Advent of Code is an Advent calendar in form of a puzzle game. It’s on since 2015 and brings small programming tasks into your pre-Christmas period. I guess most people do this to learn a new programming language—which is a great idea—but for some reason, I decided to see how far I can get with just SQL. Please have a look at the puzzles by yourselves, I won’t repeat them here; I just want to share some SQL specific aspects which I think can be interesting to you. All my solutions are here on GitHub.

## Day 1: Sums and Products

The puzzle input needs to be read somehow. For this I use postgres’ copy command which puts every line of a file into a new table row. After reading I have a single table with all the expenses.
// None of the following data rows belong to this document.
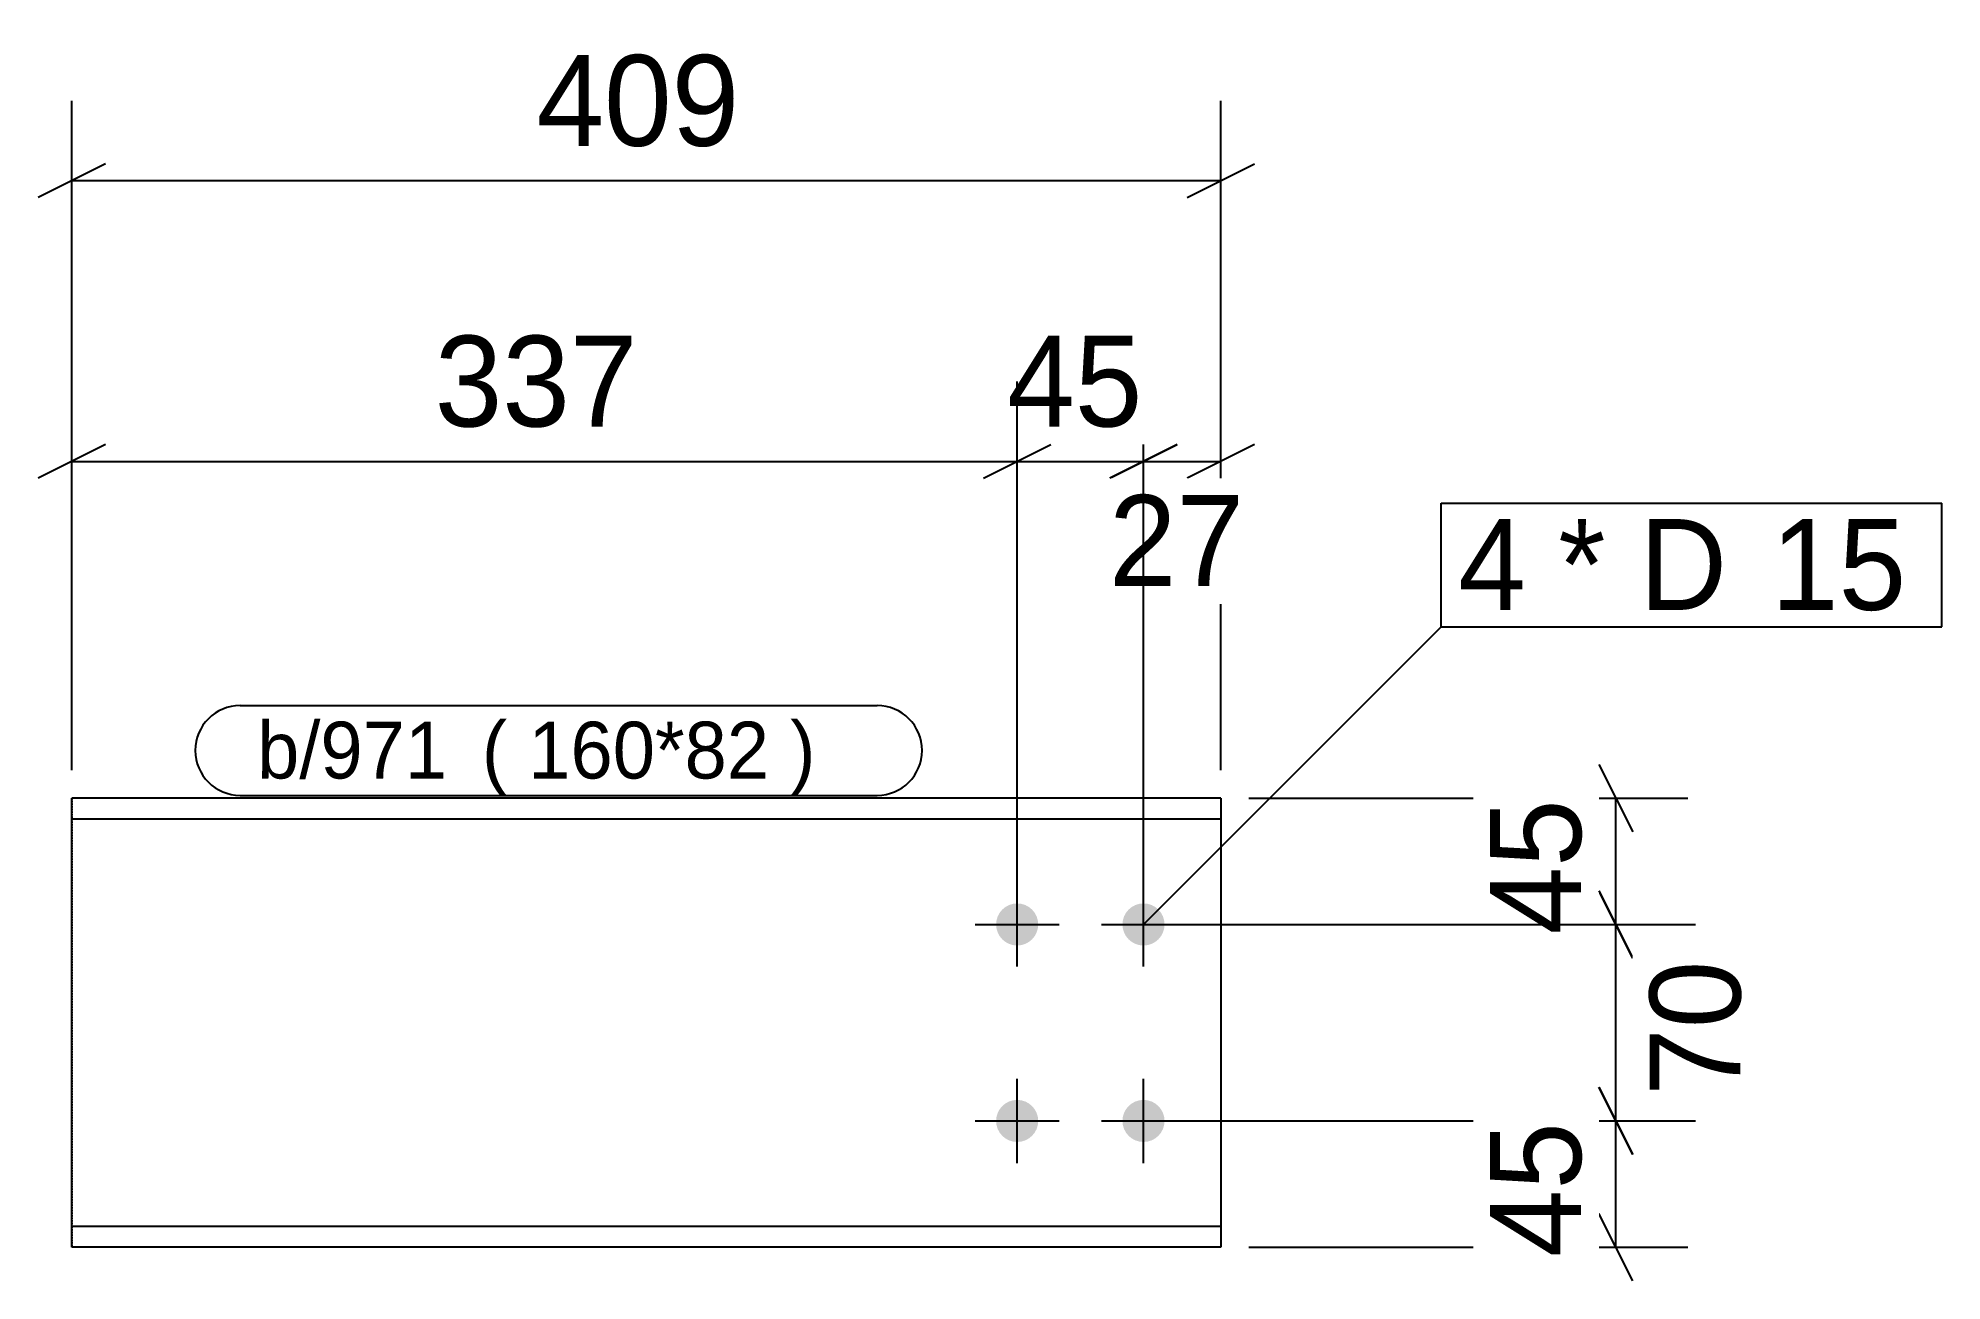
# Model space of a CAD drawing. Header units: millimetres. Extents: x 32 to 710, y 32 to 475.
import ezdxf

# ---------------------------------------------------------------- set-up
doc = ezdxf.new("R2010")
doc.units = ezdxf.units.MM
doc.linetypes.add('DXK_LINE_DOT4', pattern=[0.9408, 0.4704, -0.4704])
doc.styles.add('Comic Sans MS', font='COMIC.TTF', dxfattribs={"height": 0.2})

msp = doc.modelspace()

# ---------------------------------------------------------------- hatches: boundary and pattern name
at = {"linetype": 'Continuous'}
for points in [[(373.25, 159, -1), (388.25, 159, -1)], [(418.25, 159, -1), (433.25, 159, -1)], [(373.25, 89, -1), (388.25, 89, -1)], [(418.25, 89, -1), (433.25, 89, -1)]]:
    msp.add_hatch(color=3, dxfattribs=at).paths.add_polyline_path(points)

# ---------------------------------------------------------------- linework, layer by layer
at = {"color": 8, "linetype": 'Continuous'}
for p, q in [((44, 214), (44, 452.4)), ((453.25, 214), (453.25, 452.4)), ((56, 430), (32, 418)), ((441.25, 418), (465.25, 430)), ((44, 424), (453.25, 424)), ((44, 214), (44, 352.4)), ((380.75, 169), (380.75, 352.4)), ((425.75, 169), (425.75, 349.6)), ((453.25, 214), (453.25, 349.6)), ((56, 330), (32, 318)), ((368.75, 318), (392.75, 330)), ((413.75, 318), (437.75, 330)), ((465.25, 330), (441.25, 318)), ((44, 324), (380.75, 324)), ((380.75, 324), (425.75, 324)), ((425.75, 324), (453.25, 324)), ((588, 216), (600, 192)), ((463.25, 204), (619.6, 204)), ((594, 159), (594, 204)), ((600, 147), (588, 171)), ((435.75, 159), (619.6, 159)), ((594, 89), (594, 159)), ((600, 77), (588, 101)), ((435.75, 89), (622.4, 89)), ((594, 44), (594, 89)), ((600, 32), (588, 56)), ((463.25, 44), (619.6, 44))]:
    msp.add_line(p, q, dxfattribs=at)
at = {"color": 7, "linetype": 'Continuous'}
for p, q in [((531.82, 309.07), (710.15, 309.07)), ((531.82, 265.07), (531.82, 309.07)), ((710.15, 265.07), (710.15, 309.07)), ((425.75, 159), (531.82, 265.07)), ((531.82, 265.07), (710.15, 265.07)), ((104, 237), (330.87, 237)), ((44, 196.6), (44, 204)), ((44, 204), (44, 204)), ((453.25, 204), (44, 204)), ((104, 205), (330.87, 205)), ((453.25, 204), (453.25, 44)), ((44, 51.4), (44, 196.6)), ((44, 196.6), (44, 196.6)), ((44, 196.6), (453.25, 196.6)), ((44, 44), (44, 51.4)), ((44, 51.4), (44, 51.4)), ((453.25, 51.4), (44, 51.4)), ((44, 44), (44, 44)), ((453.25, 44), (44, 44))]:
    msp.add_line(p, q, dxfattribs=at)
at = {"color": 7, "linetype": 'DXK_LINE_DOT4'}
for p, q in [((44, 204), (44, 196.6)), ((44, 204), (44, 204)), ((44, 196.6), (44, 196.6)), ((44, 196.6), (44, 51.4)), ((44, 196.6), (44, 196.6)), ((44, 196.6), (44, 196.6)), ((44, 196.6), (44, 196.6)), ((44, 51.4), (44, 51.4)), ((44, 51.4), (44, 44)), ((44, 51.4), (44, 51.4)), ((44, 51.4), (44, 51.4)), ((44, 51.4), (44, 51.4)), ((44, 44), (44, 44))]:
    msp.add_line(p, q, dxfattribs=at)
at = {"color": 3, "linetype": 'Continuous'}
for p, q in [((380.75, 144), (380.75, 174)), ((425.75, 144), (425.75, 174)), ((365.75, 159), (395.75, 159)), ((410.75, 159), (440.75, 159)), ((380.75, 74), (380.75, 104)), ((425.75, 74), (425.75, 104)), ((365.75, 89), (395.75, 89)), ((410.75, 89), (440.75, 89))]:
    msp.add_line(p, q, dxfattribs=at)
at = {"color": 7, "linetype": 'Continuous'}
for centre, start, end in [((104, 221), 90, 270), ((330.87, 221), 270, 90)]:
    msp.add_arc(centre, 16, start, end, dxfattribs=at)

# ---------------------------------------------------------------- wipeouts: each hides what was drawn before it
at = {"color": 0}
for points in [[(294.12, 430), (294.12, 474.8), (203.13, 474.8), (203.13, 430)], [(257.87, 330), (257.87, 374.8), (166.88, 374.8), (166.88, 330)], [(563.88, 271.07), (563.88, 303.07), (537.82, 303.07), (537.82, 271.07)], [(639.67, 271.07), (639.67, 303.07), (573.48, 303.07), (573.48, 271.07)], [(694.55, 271.07), (694.55, 303.07), (649.27, 303.07), (649.27, 271.07)], [(184.08, 211), (184.08, 231), (110, 231), (110, 211)], [(324.87, 211), (324.87, 231), (190.08, 231), (190.08, 211)]]:
    msp.add_wipeout(points, dxfattribs=at)

# ---------------------------------------------------------------- next in the draw order: texts
at = {"color": 3, "style": 'Comic Sans MS'}
for s, p in [('409', (209.53, 436.4)), ('337', (173.28, 336.4))]:
    msp.add_text(s, height=32.375, dxfattribs=at).set_placement(p)

# ---------------------------------------------------------------- next in the draw order: wipeouts: each hides what was drawn before it
at = {"color": 0}
for points in [[(471.97, 273.2), (471.97, 318), (407.04, 318), (407.04, 273.2)], [(563.88, 271.07), (563.88, 303.07), (537.82, 303.07), (537.82, 271.07)], [(639.67, 271.07), (639.67, 303.07), (573.48, 303.07), (573.48, 271.07)], [(694.55, 271.07), (694.55, 303.07), (649.27, 303.07), (649.27, 271.07)], [(184.08, 211), (184.08, 231), (110, 231), (110, 211)], [(324.87, 211), (324.87, 231), (190.08, 231), (190.08, 211)], [(588, 213.96), (543.2, 213.96), (543.2, 149.04), (588, 149.04)]]:
    msp.add_wipeout(points, dxfattribs=at)

# ---------------------------------------------------------------- next in the draw order: linework, layer by layer
at = {"color": 8, "linetype": 'Continuous'}
for p, q in [((425.75, 169), (425.75, 352.4)), ((437.75, 330), (413.75, 318)), ((588, 171), (600, 147)), ((435.75, 159), (622.4, 159))]:
    msp.add_line(p, q, dxfattribs=at)

# ---------------------------------------------------------------- next in the draw order: texts
at = {"color": 3, "style": 'Comic Sans MS'}
for s, height, p in [('27', 32.375, (413.44, 279.6)), ('4', 32.38, (537.82, 271.07)), ('* D', 32.375, (573.48, 271.07)), ('15', 32.375, (649.27, 271.07)), ('b/971', 20.234, (110, 211)), ('(\xa0160*82\xa0) ', 20.2344, (190.08, 211))]:
    msp.add_text(s, height=height, dxfattribs=at).set_placement(p)
msp.add_text('45', height=32.375, rotation=90.00021, dxfattribs=at).set_placement((581.6, 155.44))

# ---------------------------------------------------------------- next in the draw order: wipeouts: each hides what was drawn before it
at = {"color": 0}
for points in [[(435.72, 330), (435.72, 374.8), (370.79, 374.8), (370.79, 330)], [(644.8, 156.46), (600, 156.46), (600, 91.54), (644.8, 91.54)]]:
    msp.add_wipeout(points, dxfattribs=at)

# ---------------------------------------------------------------- next in the draw order: linework, layer by layer
at = {"color": 8, "linetype": 'Continuous'}
for p, q in [((380.75, 169), (380.75, 352.4)), ((368.75, 318), (392.75, 330)), ((588, 101), (600, 77)), ((435.75, 89), (619.6, 89))]:
    msp.add_line(p, q, dxfattribs=at)

# ---------------------------------------------------------------- next in the draw order: texts
at = {"color": 3, "style": 'Comic Sans MS'}
msp.add_text('45', height=32.375, dxfattribs=at).set_placement((377.19, 336.4))
msp.add_text('70', height=32.375, rotation=90.00021, dxfattribs=at).set_placement((638.4, 97.94))

# ---------------------------------------------------------------- next in the draw order: wipeouts: each hides what was drawn before it
at = {"color": 0}
msp.add_wipeout([(588, 98.96), (543.2, 98.96), (543.2, 34.04), (588, 34.04)], dxfattribs=at)

# ---------------------------------------------------------------- next in the draw order: texts
at = {"color": 3, "style": 'Comic Sans MS'}
msp.add_text('45', height=32.375, rotation=90.00021, dxfattribs=at).set_placement((581.6, 40.44))

doc.saveas('drawing.dxf')

Since the first part asks for a pair of entries, this calls for a self-join. Just a self join of table day1_expenses, select * from day1_expenses e1, day1_expenses e2 consists of all pairs of this table, including pairs of the same element (e.g., (6, 6)) and a pairs which contain the same elements but in flipped order (e.g., (3,8) and (8,3)). The last part is why I also filtered e1.expense < e2.expense, such that the result contains only a single row.

The second part searches for a triple of entries, which is basically a self-join with another self-join. While this might not be obvious from the query (select * from day1_expenses e1, day1_expenses e2, day1_expenses e3), postgres executes the query exactly like this, first a self-join, then another self join. You can visualize this for example using pgAdmin’s explain panel:

First the part in the decently marked box is executed and all tuples which leave this Nested Loop Inner Join operator go via that fat arrow into the next Join operator. The performance of these operators is sensitive to the size of inputs. But if we only use e1.expense + e2.expense + e3.expense = 2020, our database system can only check this, wenn the last join is also performed. So all possible $n\cdot n$ pairs leave the rainbowy box and make the outer inner join operator do much work. But we know, that all expenses are positive! This means, if we encounter a pair (1938, 582), the sum is bigger than 2020 and this will never be a part of the resulting expenses.

Byadding a filter like e1.expense + e2.expense <= 2020 which can be checked directly in the fairy-join operator, we can reduce this operator’s output and save the final join some time. How much time? On my system computing the query without that additional filter takes about 415ms, with the filter only 55ms!

For the passwords I added a little preprocessing and spent some quality time on the String Functions and Operators page. Here the idea is to translate the policy and password strings into separate columns of a table:

Then each row corresponds to the ingredients of a password policy and the password. And with the WHERE part of a query over this table, we can check each row if the password matches the policy. For this, we use the cool feature that regular expressions can use attributes of tuples, and replace all the characters in a password which are not the letter of the policy:

regexp_replace(password, '[^'||letter||']', '', 'g')


The second parameter to regexp_replace is the regular expression, and we construct this string (|| is postgres’ string concatenation) using the letter of the current row. For example, the password lpvjjt with the policy letter j is then transformed to jj, and the only thing left to do is to count the length of that transformed string and compare it to min and max.

## Day 3: Sleigh Ride

The input files in the previous examples did not have an order. If you shuffle the lines and run the query, the result would be the same. But now, the lines need to be in order, or we cannot guarantee that we are counting the trees in the same order, the toboggan crashes into them. For this, I do not only read the line, but also add a serial field (id) to the table, so during reading the puzzle input, each line gets a new auto-incrementing number assigned.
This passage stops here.